Copy out each line below in which the string "EngSpd" appears.

:: Extracted information

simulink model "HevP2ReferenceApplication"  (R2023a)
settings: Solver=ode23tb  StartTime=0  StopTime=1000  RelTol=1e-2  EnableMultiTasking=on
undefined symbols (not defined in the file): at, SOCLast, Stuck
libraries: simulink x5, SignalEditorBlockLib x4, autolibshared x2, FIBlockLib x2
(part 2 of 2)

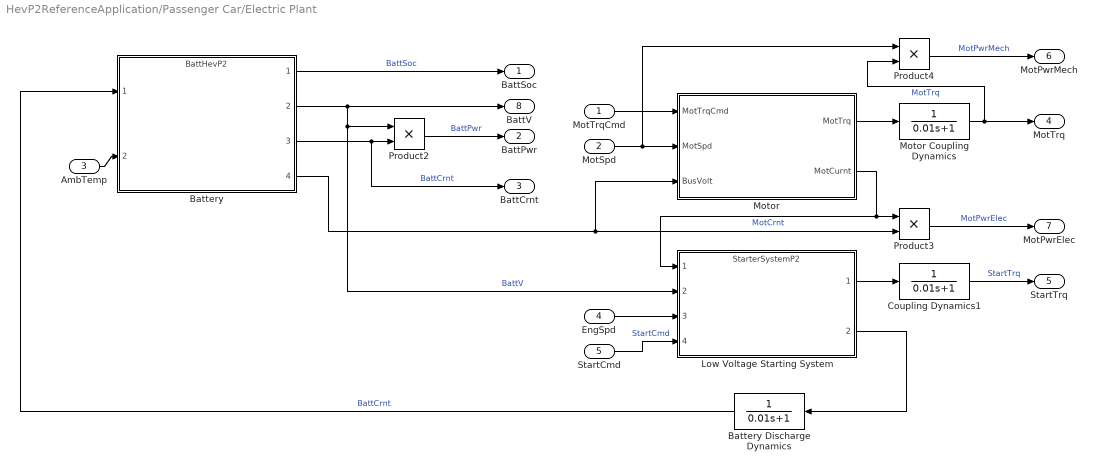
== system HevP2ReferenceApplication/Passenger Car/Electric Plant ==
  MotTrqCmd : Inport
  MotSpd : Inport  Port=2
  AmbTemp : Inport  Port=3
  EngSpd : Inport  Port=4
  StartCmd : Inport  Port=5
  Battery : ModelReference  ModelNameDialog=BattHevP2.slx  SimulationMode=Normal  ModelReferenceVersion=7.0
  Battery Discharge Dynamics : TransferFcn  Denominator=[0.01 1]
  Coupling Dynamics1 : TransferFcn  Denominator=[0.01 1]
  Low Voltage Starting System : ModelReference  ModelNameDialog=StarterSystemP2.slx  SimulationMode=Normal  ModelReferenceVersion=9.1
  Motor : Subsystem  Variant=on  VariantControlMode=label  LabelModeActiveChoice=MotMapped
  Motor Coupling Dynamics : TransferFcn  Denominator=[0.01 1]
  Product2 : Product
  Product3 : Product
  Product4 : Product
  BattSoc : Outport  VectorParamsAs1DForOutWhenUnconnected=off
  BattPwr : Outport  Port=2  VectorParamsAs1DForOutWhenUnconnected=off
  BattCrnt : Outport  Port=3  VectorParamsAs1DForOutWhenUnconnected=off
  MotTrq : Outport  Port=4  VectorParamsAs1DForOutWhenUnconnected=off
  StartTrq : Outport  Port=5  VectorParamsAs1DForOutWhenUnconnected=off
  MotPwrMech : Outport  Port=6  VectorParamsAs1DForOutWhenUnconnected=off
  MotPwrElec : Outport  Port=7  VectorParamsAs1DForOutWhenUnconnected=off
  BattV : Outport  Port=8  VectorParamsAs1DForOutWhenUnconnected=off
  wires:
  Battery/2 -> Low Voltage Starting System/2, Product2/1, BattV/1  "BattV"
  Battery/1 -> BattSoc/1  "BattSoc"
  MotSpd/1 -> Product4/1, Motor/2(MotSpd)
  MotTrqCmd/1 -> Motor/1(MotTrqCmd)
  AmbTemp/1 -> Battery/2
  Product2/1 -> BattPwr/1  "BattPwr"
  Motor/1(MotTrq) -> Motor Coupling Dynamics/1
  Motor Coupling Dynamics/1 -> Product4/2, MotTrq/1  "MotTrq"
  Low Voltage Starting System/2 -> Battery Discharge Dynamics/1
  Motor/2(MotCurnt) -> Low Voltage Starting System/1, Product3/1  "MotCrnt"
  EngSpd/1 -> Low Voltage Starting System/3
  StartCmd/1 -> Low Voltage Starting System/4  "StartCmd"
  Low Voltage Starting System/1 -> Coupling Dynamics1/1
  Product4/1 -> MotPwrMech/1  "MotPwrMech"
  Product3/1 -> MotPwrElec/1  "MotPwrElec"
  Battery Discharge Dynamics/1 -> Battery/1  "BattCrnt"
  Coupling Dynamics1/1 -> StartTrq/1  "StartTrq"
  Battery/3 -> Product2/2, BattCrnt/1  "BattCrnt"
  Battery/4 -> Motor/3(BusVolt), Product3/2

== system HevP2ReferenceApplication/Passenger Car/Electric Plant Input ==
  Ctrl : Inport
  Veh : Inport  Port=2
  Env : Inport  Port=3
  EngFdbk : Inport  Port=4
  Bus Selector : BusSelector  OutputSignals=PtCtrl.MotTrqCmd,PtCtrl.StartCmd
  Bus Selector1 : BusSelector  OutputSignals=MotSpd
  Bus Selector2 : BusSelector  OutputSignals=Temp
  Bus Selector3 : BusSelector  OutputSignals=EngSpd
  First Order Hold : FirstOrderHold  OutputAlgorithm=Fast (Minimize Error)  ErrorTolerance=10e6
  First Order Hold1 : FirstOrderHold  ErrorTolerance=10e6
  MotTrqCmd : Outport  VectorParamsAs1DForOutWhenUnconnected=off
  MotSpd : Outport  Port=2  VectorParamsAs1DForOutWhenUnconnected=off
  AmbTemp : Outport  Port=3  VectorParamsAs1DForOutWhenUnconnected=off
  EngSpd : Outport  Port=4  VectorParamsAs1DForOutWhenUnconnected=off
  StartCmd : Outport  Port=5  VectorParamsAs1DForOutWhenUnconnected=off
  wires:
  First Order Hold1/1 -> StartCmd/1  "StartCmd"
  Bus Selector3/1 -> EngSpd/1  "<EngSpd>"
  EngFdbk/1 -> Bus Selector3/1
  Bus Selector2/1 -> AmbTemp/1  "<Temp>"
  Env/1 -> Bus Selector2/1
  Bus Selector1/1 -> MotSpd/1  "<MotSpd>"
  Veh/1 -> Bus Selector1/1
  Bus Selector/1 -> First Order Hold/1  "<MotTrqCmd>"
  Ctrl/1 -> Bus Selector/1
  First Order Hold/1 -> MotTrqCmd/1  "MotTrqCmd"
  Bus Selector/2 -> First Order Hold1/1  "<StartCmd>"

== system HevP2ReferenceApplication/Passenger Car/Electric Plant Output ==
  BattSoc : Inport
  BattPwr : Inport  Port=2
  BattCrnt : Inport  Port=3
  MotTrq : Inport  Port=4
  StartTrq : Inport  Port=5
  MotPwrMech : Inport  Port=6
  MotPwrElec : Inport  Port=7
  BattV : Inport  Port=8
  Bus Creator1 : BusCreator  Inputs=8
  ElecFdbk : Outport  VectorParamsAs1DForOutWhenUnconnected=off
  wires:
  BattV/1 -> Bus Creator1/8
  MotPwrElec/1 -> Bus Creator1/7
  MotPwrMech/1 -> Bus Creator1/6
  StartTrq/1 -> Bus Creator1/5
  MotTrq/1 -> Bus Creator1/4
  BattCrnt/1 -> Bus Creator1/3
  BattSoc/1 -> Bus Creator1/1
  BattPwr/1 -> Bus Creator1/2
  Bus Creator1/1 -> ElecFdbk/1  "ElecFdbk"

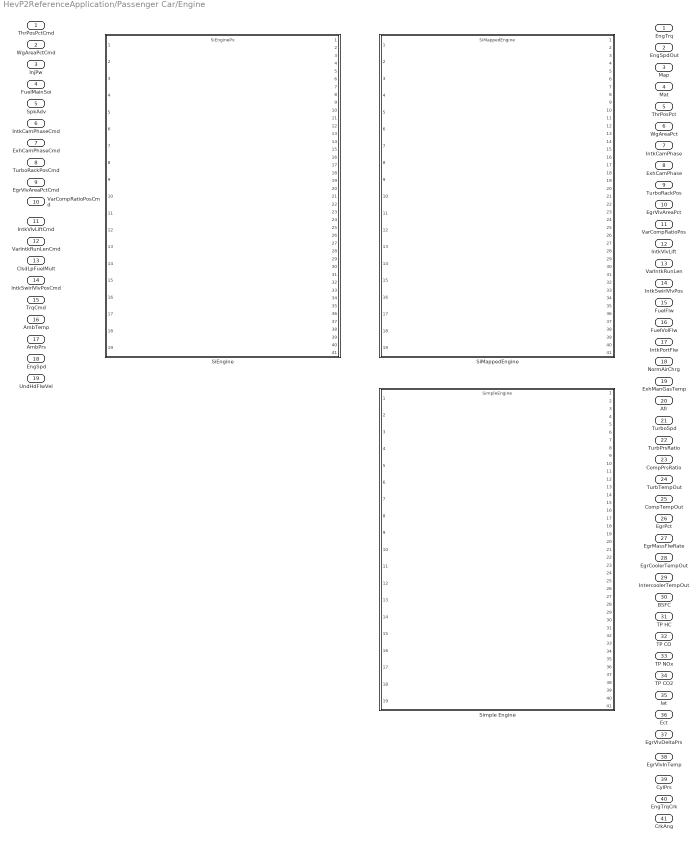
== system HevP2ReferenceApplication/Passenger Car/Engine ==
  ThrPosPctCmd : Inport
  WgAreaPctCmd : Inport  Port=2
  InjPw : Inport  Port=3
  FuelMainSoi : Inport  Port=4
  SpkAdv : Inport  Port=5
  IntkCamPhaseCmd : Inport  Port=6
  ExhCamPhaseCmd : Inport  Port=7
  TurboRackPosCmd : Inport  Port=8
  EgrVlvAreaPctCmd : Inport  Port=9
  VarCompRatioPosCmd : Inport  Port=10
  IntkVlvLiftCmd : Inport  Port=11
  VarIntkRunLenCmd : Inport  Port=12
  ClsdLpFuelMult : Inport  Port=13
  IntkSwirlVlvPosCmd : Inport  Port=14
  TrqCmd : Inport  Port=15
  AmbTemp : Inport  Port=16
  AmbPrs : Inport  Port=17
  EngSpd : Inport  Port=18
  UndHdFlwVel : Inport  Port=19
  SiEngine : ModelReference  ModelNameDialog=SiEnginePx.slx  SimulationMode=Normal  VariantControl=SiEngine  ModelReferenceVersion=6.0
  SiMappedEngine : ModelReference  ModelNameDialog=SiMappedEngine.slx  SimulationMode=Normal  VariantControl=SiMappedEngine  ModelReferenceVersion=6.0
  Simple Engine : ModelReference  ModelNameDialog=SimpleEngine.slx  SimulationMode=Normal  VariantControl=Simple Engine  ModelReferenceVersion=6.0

::::

- [Reply to the exercise]:
  EngSpd : Inport  Port=4
  EngSpd/1 -> Low Voltage Starting System/3
  Bus Selector3 : BusSelector  OutputSignals=EngSpd
  EngSpd : Outport  Port=4  VectorParamsAs1DForOutWhenUnconnected=off
  Bus Selector3/1 -> EngSpd/1  "<EngSpd>"
  EngSpd : Inport  Port=18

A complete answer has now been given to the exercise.